Jesús, que rechazó explícitamente cualquier forma de poder, no pretendió fundar ninguna institución. ¿Cuánta institucionalidad cabe, pues, en la Iglesia? Eso depende de la misión que a la Iglesia se la quiera asignar, misión que no puede ser la de constituirse en un poder político o social, ni la de imbricarse con tales poderes (cosa que históricamente ha constituido un escándalo), ni la de someter a las personas a un régimen patológico de culpabilidad y de temor. Por supuesto, de ningún modo se puede confiar en la autenticidad de un mensaje religioso que pretenda traducirse en un control social y político. El duro aprendizaje que representa pasar del uso del poder, la amenaza, el miedo y la culpabilidad al ámbito de la incitación, el convencimiento y el testimonio supone un reto esencial de las instituciones eclesiásticas. Las religiones proporcionan, dice Nogués, la articulación de la conciencia de lo que nos falta, manteniendo despierta nuestra sensibilidad espiritual y nuestra capacidad de interrogación, que la ciencia no puede colmar porque las últimas preguntas siguen sin respuesta. Pues bien, la tarea religiosa fundamental no es otra que la de la liberación humana integral: la de la culpabilidad enfermiza, la de la esclavización política o social, la de la pobreza y la incultura, la de la superficialidad, la de la soledad en el dolor€

En lugar de una misión liberadora a la que ajustar estrictamente su organización institucional la Iglesia se ha orientado, sin embargo, en otras direcciones. Por ejemplo, se ha obsesionado con su visión peyorativa de la sexualidad, asociada al menosprecio de la mujer, actitudes que el cristianismo tomó del paganismo más que de la tradición original de Jesús. Y es que la misoginia se encuentra presente en todas las culturas, aunque las llamadas religiones del Libro (judaísmo, cristianismo e islamismo) están fuertemente sexualizadas en sentido patriarcal. Pero no sólo eso: las religiones monoteístas han tendido a vincular estrechamente primacía masculina, poder sociopolítico y divinidad. Combatir la misoginia requiere, por tanto, tener una ética de la conducta sexual que en nada se distinga de la ética cristiana general respecto de todas las acciones importantes de la vida humana.

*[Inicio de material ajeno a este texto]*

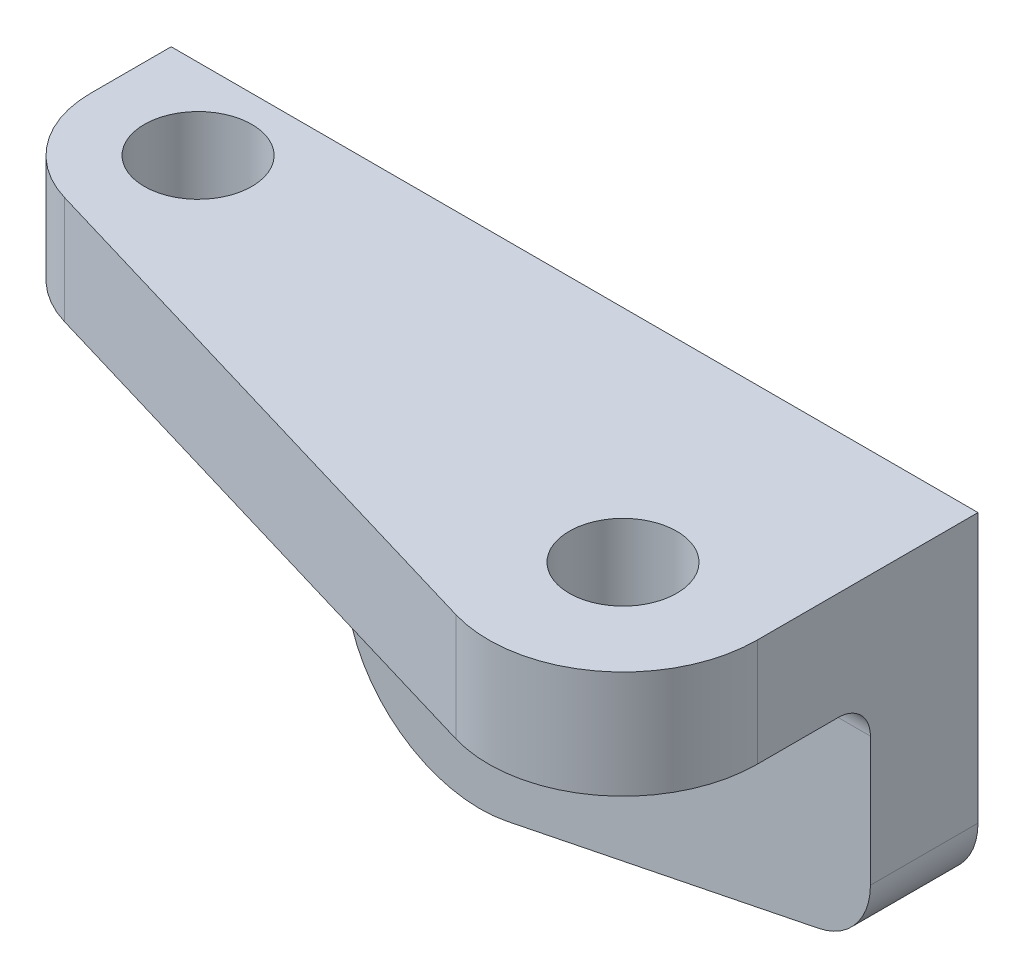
from build123d import *

# Parameters (mm, degrees)
SKETCH1_R           = 10
BOSS_EXTRUDE1_DEPTH = 20
SKETCH2_R           = 9
BOSS_EXTRUDE2_DEPTH = 20
FILLET1_R           = 6
FILLET2_R           = 6


with BuildPart() as part:
    # Sketch1 → Boss-Extrude1 (new body)
    with BuildSketch(Plane(origin=(0, 0, 0), x_dir=(1, 0, 0), z_dir=(0, 1, 0))):
        with BuildLine():
            Line((-75, -15), (-75, 0))
            Line((-75, 0), (75, 0))
            Line((75, 0), (75, -41))
            ThreePointArc((75, -41), (64.948130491, -61.03879724), (42.875728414, -64.963404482))
            Line((42.875728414, -64.963404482), (-60.699417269, -34.170723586))
            ThreePointArc((-60.699417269, -34.170723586), (-71.031037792, -26.958504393), (-75, -15))
        make_face()
        with Locations(Location((-55, -15, 0), (0, 0, 270))):
            Circle(SKETCH1_R, mode=Mode.SUBTRACT)
        with Locations(Location((50, -41, 0), (0, 0, 270))):
            Circle(SKETCH1_R, mode=Mode.SUBTRACT)
    extrude(amount=BOSS_EXTRUDE1_DEPTH)

    # Sketch2 → Boss-Extrude2 (add)
    with BuildSketch(Plane(origin=(0, 0, 0), x_dir=(-1, 0, 0), z_dir=(0, 0, -1))):
        with BuildLine():
            Line((-75, 0), (22.579399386, 0))
            Line((22.579399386, 0), (22.579399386, -29))
            ThreePointArc((22.579399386, -29), (13.406439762, -48.352126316), (-7.380984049, -53.502950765))
            Line((-7.380984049, -53.502950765), (-65.380984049, -41.761416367))
            ThreePointArc((-65.380984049, -41.761416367), (-72.289020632, -37.59697938), (-75, -30))
            Line((-75, -30), (-75, 0))
        make_face()
        with Locations((-2.420600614, -29)):
            Circle(SKETCH2_R, mode=Mode.SUBTRACT)
    extrude(amount=-BOSS_EXTRUDE2_DEPTH)

    # Fillet1
    fillet1_edges = [part.edges().sort_by_distance(p)[0] for p in [
        (-22.579399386, 0, 10),
    ]]
    fillet(fillet1_edges, radius=FILLET1_R)

    # Fillet2
    fillet2_edges = [part.edges().sort_by_distance(p)[0] for p in [
        (23.210300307, 0, 20),
    ]]
    fillet(fillet2_edges, radius=FILLET2_R)


solid = part.part
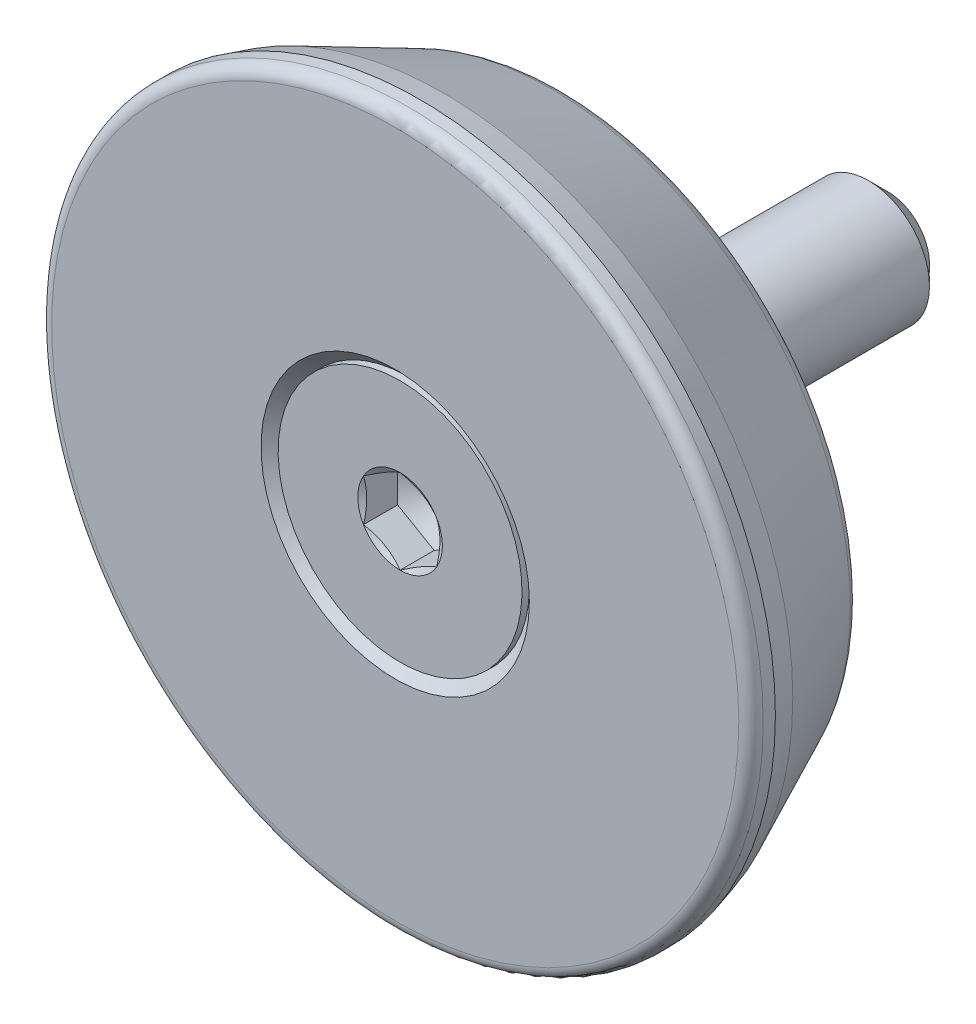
ISO-10303-21;
HEADER;
FILE_DESCRIPTION(('STEP AP214'),'2;1');
FILE_NAME('part.step','',(''),(''),'','','');
FILE_SCHEMA(('AUTOMOTIVE_DESIGN { 1 0 10303 214 1 1 1 1 }'));
ENDSEC;
DATA;
#1=APPLICATION_CONTEXT('core data for automotive mechanical design processes');
#2=APPLICATION_PROTOCOL_DEFINITION('international standard','automotive_design',2000,#1);
#3=PRODUCT_CONTEXT('',#1,'mechanical');
#4=PRODUCT('Part','Part','',(#3));
#5=PRODUCT_RELATED_PRODUCT_CATEGORY('part','',(#4));
#6=PRODUCT_DEFINITION_FORMATION('','',#4);
#7=PRODUCT_DEFINITION_CONTEXT('part definition',#1,'design');
#8=PRODUCT_DEFINITION('design','',#6,#7);
#9=PRODUCT_DEFINITION_SHAPE('','',#8);
#10=(LENGTH_UNIT() NAMED_UNIT(*) SI_UNIT(.MILLI.,.METRE.));
#11=(NAMED_UNIT(*) PLANE_ANGLE_UNIT() SI_UNIT($,.RADIAN.));
#12=(NAMED_UNIT(*) SI_UNIT($,.STERADIAN.) SOLID_ANGLE_UNIT());
#13=UNCERTAINTY_MEASURE_WITH_UNIT(LENGTH_MEASURE(1.E-05),#10,'distance_accuracy_value','');
#14=(GEOMETRIC_REPRESENTATION_CONTEXT(3) GLOBAL_UNCERTAINTY_ASSIGNED_CONTEXT((#13)) GLOBAL_UNIT_ASSIGNED_CONTEXT((#10,
#11,#12)) REPRESENTATION_CONTEXT('',''));
#15=CARTESIAN_POINT('',(0.,0.,0.));
#16=DIRECTION('',(0.,0.,1.));
#17=DIRECTION('',(1.,0.,0.));
#18=AXIS2_PLACEMENT_3D('',#15,#16,#17);
#19=CARTESIAN_POINT('',(0.,0.,-2.05000000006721));
#20=DIRECTION('',(0.,0.,1.));
#21=DIRECTION('',(0.,1.,0.));
#22=AXIS2_PLACEMENT_3D('',#19,#20,#21);
#23=CONICAL_SURFACE('',#22,1.73205080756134,1.04719755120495);
#24=CARTESIAN_POINT('',(0.,0.,-2.05000000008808));
#25=DIRECTION('',(0.,0.,1.));
#26=DIRECTION('',(0.,1.,0.));
#27=AXIS2_PLACEMENT_3D('',#24,#25,#26);
#28=CIRCLE('',#27,1.7320508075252);
#29=CARTESIAN_POINT('',(-1.49999999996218,-0.86602540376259,-2.05000000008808));
#30=VERTEX_POINT('',#29);
#31=CARTESIAN_POINT('',(0.,-1.73205080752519,-2.05000000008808));
#32=VERTEX_POINT('',#31);
#33=EDGE_CURVE('E452',#30,#32,#28,.T.);
#34=ORIENTED_EDGE('',*,*,#33,.T.);
#35=CARTESIAN_POINT('',(0.,0.,-2.05000000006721));
#36=DIRECTION('',(0.,0.,1.));
#37=DIRECTION('',(0.,1.,0.));
#38=AXIS2_PLACEMENT_3D('',#35,#36,#37);
#39=CIRCLE('',#38,1.73205080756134);
#40=CARTESIAN_POINT('',(1.5,-0.866025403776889,-2.05000000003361));
#41=VERTEX_POINT('',#40);
#42=EDGE_CURVE('E842',#41,#32,#39,.F.);
#43=ORIENTED_EDGE('',*,*,#42,.F.);
#44=CARTESIAN_POINT('',(0.,0.,-2.05000000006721));
#45=DIRECTION('',(0.,0.,1.));
#46=DIRECTION('',(0.,1.,0.));
#47=AXIS2_PLACEMENT_3D('',#44,#45,#46);
#48=CIRCLE('',#47,1.73205080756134);
#49=CARTESIAN_POINT('',(1.5,0.866025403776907,-2.05000000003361));
#50=VERTEX_POINT('',#49);
#51=EDGE_CURVE('E839',#50,#41,#48,.F.);
#52=ORIENTED_EDGE('',*,*,#51,.F.);
#53=CARTESIAN_POINT('',(0.,0.,-2.05000000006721));
#54=DIRECTION('',(0.,0.,1.));
#55=DIRECTION('',(0.,1.,0.));
#56=AXIS2_PLACEMENT_3D('',#53,#54,#55);
#57=CIRCLE('',#56,1.73205080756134);
#58=CARTESIAN_POINT('',(6.52634710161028E-12,1.73205080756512,-2.05000000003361));
#59=VERTEX_POINT('',#58);
#60=EDGE_CURVE('E447',#59,#50,#57,.F.);
#61=ORIENTED_EDGE('',*,*,#60,.F.);
#62=CARTESIAN_POINT('',(0.,0.,-2.05000000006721));
#63=DIRECTION('',(0.,0.,1.));
#64=DIRECTION('',(0.,1.,0.));
#65=AXIS2_PLACEMENT_3D('',#62,#63,#64);
#66=CIRCLE('',#65,1.73205080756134);
#67=CARTESIAN_POINT('',(-1.5,0.866025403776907,-2.05000000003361));
#68=VERTEX_POINT('',#67);
#69=EDGE_CURVE('E647',#68,#59,#66,.F.);
#70=ORIENTED_EDGE('',*,*,#69,.F.);
#71=CARTESIAN_POINT('',(0.,0.,-2.05000000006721));
#72=DIRECTION('',(0.,0.,1.));
#73=DIRECTION('',(0.,1.,0.));
#74=AXIS2_PLACEMENT_3D('',#71,#72,#73);
#75=CIRCLE('',#74,1.73205080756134);
#76=EDGE_CURVE('E844',#30,#68,#75,.F.);
#77=ORIENTED_EDGE('',*,*,#76,.F.);
#78=EDGE_LOOP('',(#34,#43,#52,#61,#70,#77));
#79=FACE_BOUND('',#78,.T.);
#80=CARTESIAN_POINT('',(0.,-2.84127416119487E-11,-3.05000000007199));
#81=VERTEX_POINT('',#80);
#82=VERTEX_LOOP('',#81);
#83=FACE_BOUND('',#82,.T.);
#84=ADVANCED_FACE('F14',(#79,#83),#23,.F.);
#85=CARTESIAN_POINT('',(0.,0.,-2.05));
#86=DIRECTION('',(0.,0.,1.));
#87=DIRECTION('',(0.,1.,0.));
#88=AXIS2_PLACEMENT_3D('',#85,#86,#87);
#89=PLANE('',#88);
#90=ORIENTED_EDGE('',*,*,#51,.T.);
#91=DIRECTION('',(0.,1.,0.));
#92=VECTOR('',#91,1.);
#93=CARTESIAN_POINT('',(1.5,0.,-2.05));
#94=LINE('',#93,#92);
#95=EDGE_CURVE('E428',#50,#41,#94,.F.);
#96=ORIENTED_EDGE('',*,*,#95,.F.);
#97=EDGE_LOOP('',(#90,#96));
#98=FACE_BOUND('',#97,.T.);
#99=ADVANCED_FACE('F609',(#98),#89,.F.);
#100=CARTESIAN_POINT('',(0.,0.,-2.05));
#101=DIRECTION('',(0.,0.,1.));
#102=DIRECTION('',(0.,1.,0.));
#103=AXIS2_PLACEMENT_3D('',#100,#101,#102);
#104=PLANE('',#103);
#105=ORIENTED_EDGE('',*,*,#60,.T.);
#106=DIRECTION('',(0.866025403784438,-0.5,0.));
#107=VECTOR('',#106,1.);
#108=CARTESIAN_POINT('',(0.,1.73205080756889,-2.05));
#109=LINE('',#108,#107);
#110=EDGE_CURVE('E424',#59,#50,#109,.T.);
#111=ORIENTED_EDGE('',*,*,#110,.F.);
#112=EDGE_LOOP('',(#105,#111));
#113=FACE_BOUND('',#112,.T.);
#114=ADVANCED_FACE('F616',(#113),#104,.F.);
#115=CARTESIAN_POINT('',(0.,0.,-2.05));
#116=DIRECTION('',(0.,0.,1.));
#117=DIRECTION('',(0.,1.,0.));
#118=AXIS2_PLACEMENT_3D('',#115,#116,#117);
#119=PLANE('',#118);
#120=ORIENTED_EDGE('',*,*,#69,.T.);
#121=DIRECTION('',(0.866025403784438,0.5,0.));
#122=VECTOR('',#121,1.);
#123=CARTESIAN_POINT('',(-1.5,0.866025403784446,-2.05));
#124=LINE('',#123,#122);
#125=EDGE_CURVE('E444',#68,#59,#124,.T.);
#126=ORIENTED_EDGE('',*,*,#125,.F.);
#127=EDGE_LOOP('',(#120,#126));
#128=FACE_BOUND('',#127,.T.);
#129=ADVANCED_FACE('F622',(#128),#119,.F.);
#130=CARTESIAN_POINT('',(0.,0.,-2.05));
#131=DIRECTION('',(0.,0.,1.));
#132=DIRECTION('',(0.,1.,0.));
#133=AXIS2_PLACEMENT_3D('',#130,#131,#132);
#134=PLANE('',#133);
#135=ORIENTED_EDGE('',*,*,#76,.T.);
#136=DIRECTION('',(0.,1.,0.));
#137=VECTOR('',#136,1.);
#138=CARTESIAN_POINT('',(-1.5,0.,-2.05));
#139=LINE('',#138,#137);
#140=EDGE_CURVE('E441',#30,#68,#139,.T.);
#141=ORIENTED_EDGE('',*,*,#140,.F.);
#142=EDGE_LOOP('',(#135,#141));
#143=FACE_BOUND('',#142,.T.);
#144=ADVANCED_FACE('F627',(#143),#134,.F.);
#145=CARTESIAN_POINT('',(0.,0.,-2.05));
#146=DIRECTION('',(0.,0.,1.));
#147=DIRECTION('',(0.,1.,0.));
#148=AXIS2_PLACEMENT_3D('',#145,#146,#147);
#149=PLANE('',#148);
#150=ORIENTED_EDGE('',*,*,#33,.F.);
#151=DIRECTION('',(0.866025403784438,-0.5,0.));
#152=VECTOR('',#151,1.);
#153=CARTESIAN_POINT('',(-1.5,-0.866025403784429,-2.05));
#154=LINE('',#153,#152);
#155=EDGE_CURVE('E464',#32,#30,#154,.F.);
#156=ORIENTED_EDGE('',*,*,#155,.F.);
#157=EDGE_LOOP('',(#150,#156));
#158=FACE_BOUND('',#157,.T.);
#159=ADVANCED_FACE('F624',(#158),#149,.F.);
#160=CARTESIAN_POINT('',(0.,0.,-2.05));
#161=DIRECTION('',(0.,0.,1.));
#162=DIRECTION('',(0.,1.,0.));
#163=AXIS2_PLACEMENT_3D('',#160,#161,#162);
#164=PLANE('',#163);
#165=ORIENTED_EDGE('',*,*,#42,.T.);
#166=DIRECTION('',(-0.866025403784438,-0.5,0.));
#167=VECTOR('',#166,1.);
#168=CARTESIAN_POINT('',(1.5,-0.86602540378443,-2.05));
#169=LINE('',#168,#167);
#170=EDGE_CURVE('E436',#41,#32,#169,.T.);
#171=ORIENTED_EDGE('',*,*,#170,.F.);
#172=EDGE_LOOP('',(#165,#171));
#173=FACE_BOUND('',#172,.T.);
#174=ADVANCED_FACE('F626',(#173),#164,.F.);
#175=CARTESIAN_POINT('',(1.5,-0.86602540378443,-3.45));
#176=DIRECTION('',(-1.,0.,0.));
#177=DIRECTION('',(0.,1.,0.));
#178=AXIS2_PLACEMENT_3D('',#175,#176,#177);
#179=PLANE('',#178);
#180=DIRECTION('',(0.,0.,-1.));
#181=VECTOR('',#180,1.);
#182=CARTESIAN_POINT('',(1.5,-0.866025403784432,-3.45));
#183=LINE('',#182,#181);
#184=CARTESIAN_POINT('',(1.49999999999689,-0.866025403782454,-0.650000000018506));
#185=VERTEX_POINT('',#184);
#186=EDGE_CURVE('E456',#185,#41,#183,.T.);
#187=ORIENTED_EDGE('',*,*,#186,.F.);
#188=CARTESIAN_POINT('',(1.5,-0.866025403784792,-0.650000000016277));
#189=CARTESIAN_POINT('',(1.50000000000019,-0.794933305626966,-0.670524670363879));
#190=CARTESIAN_POINT('',(1.5000000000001,-0.723278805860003,-0.689315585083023));
#191=CARTESIAN_POINT('',(1.4999999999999,-0.578805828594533,-0.722526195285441));
#192=CARTESIAN_POINT('',(1.49999999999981,-0.505985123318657,-0.736936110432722));
#193=CARTESIAN_POINT('',(1.50000000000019,-0.361160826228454,-0.760108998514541));
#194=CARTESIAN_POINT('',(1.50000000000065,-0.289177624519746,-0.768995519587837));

Hasta aquí lo que sostiene Ramón Nogués, cuyo pensamiento poco coincide con el de la Iglesia oficial, que asiste a su progresiva irrelevancia en el mundo de hoy desde la convicción fatal de que los equivocados son los otros. Pero no es la castidad, sino el amor lo que ha de predicarse a los jóvenes, que naturalmente, y por puro sentido común, abandonan en masa ante una educación sentimental tan estrecha y limitada como la que la Iglesia imparte. No es únicamente la limosna lo que se ha de pedir a los cristianos, sino la justicia en todas sus relaciones con los demás. No es la jerarquía, sino la igualdad, lo que debe defenderse. No es la preterición y subordinación de la mujer lo que ha de justificarse, sino su plena equiparación al hombre en todos los ministerios y funciones eclesiales aquello que debe postularse.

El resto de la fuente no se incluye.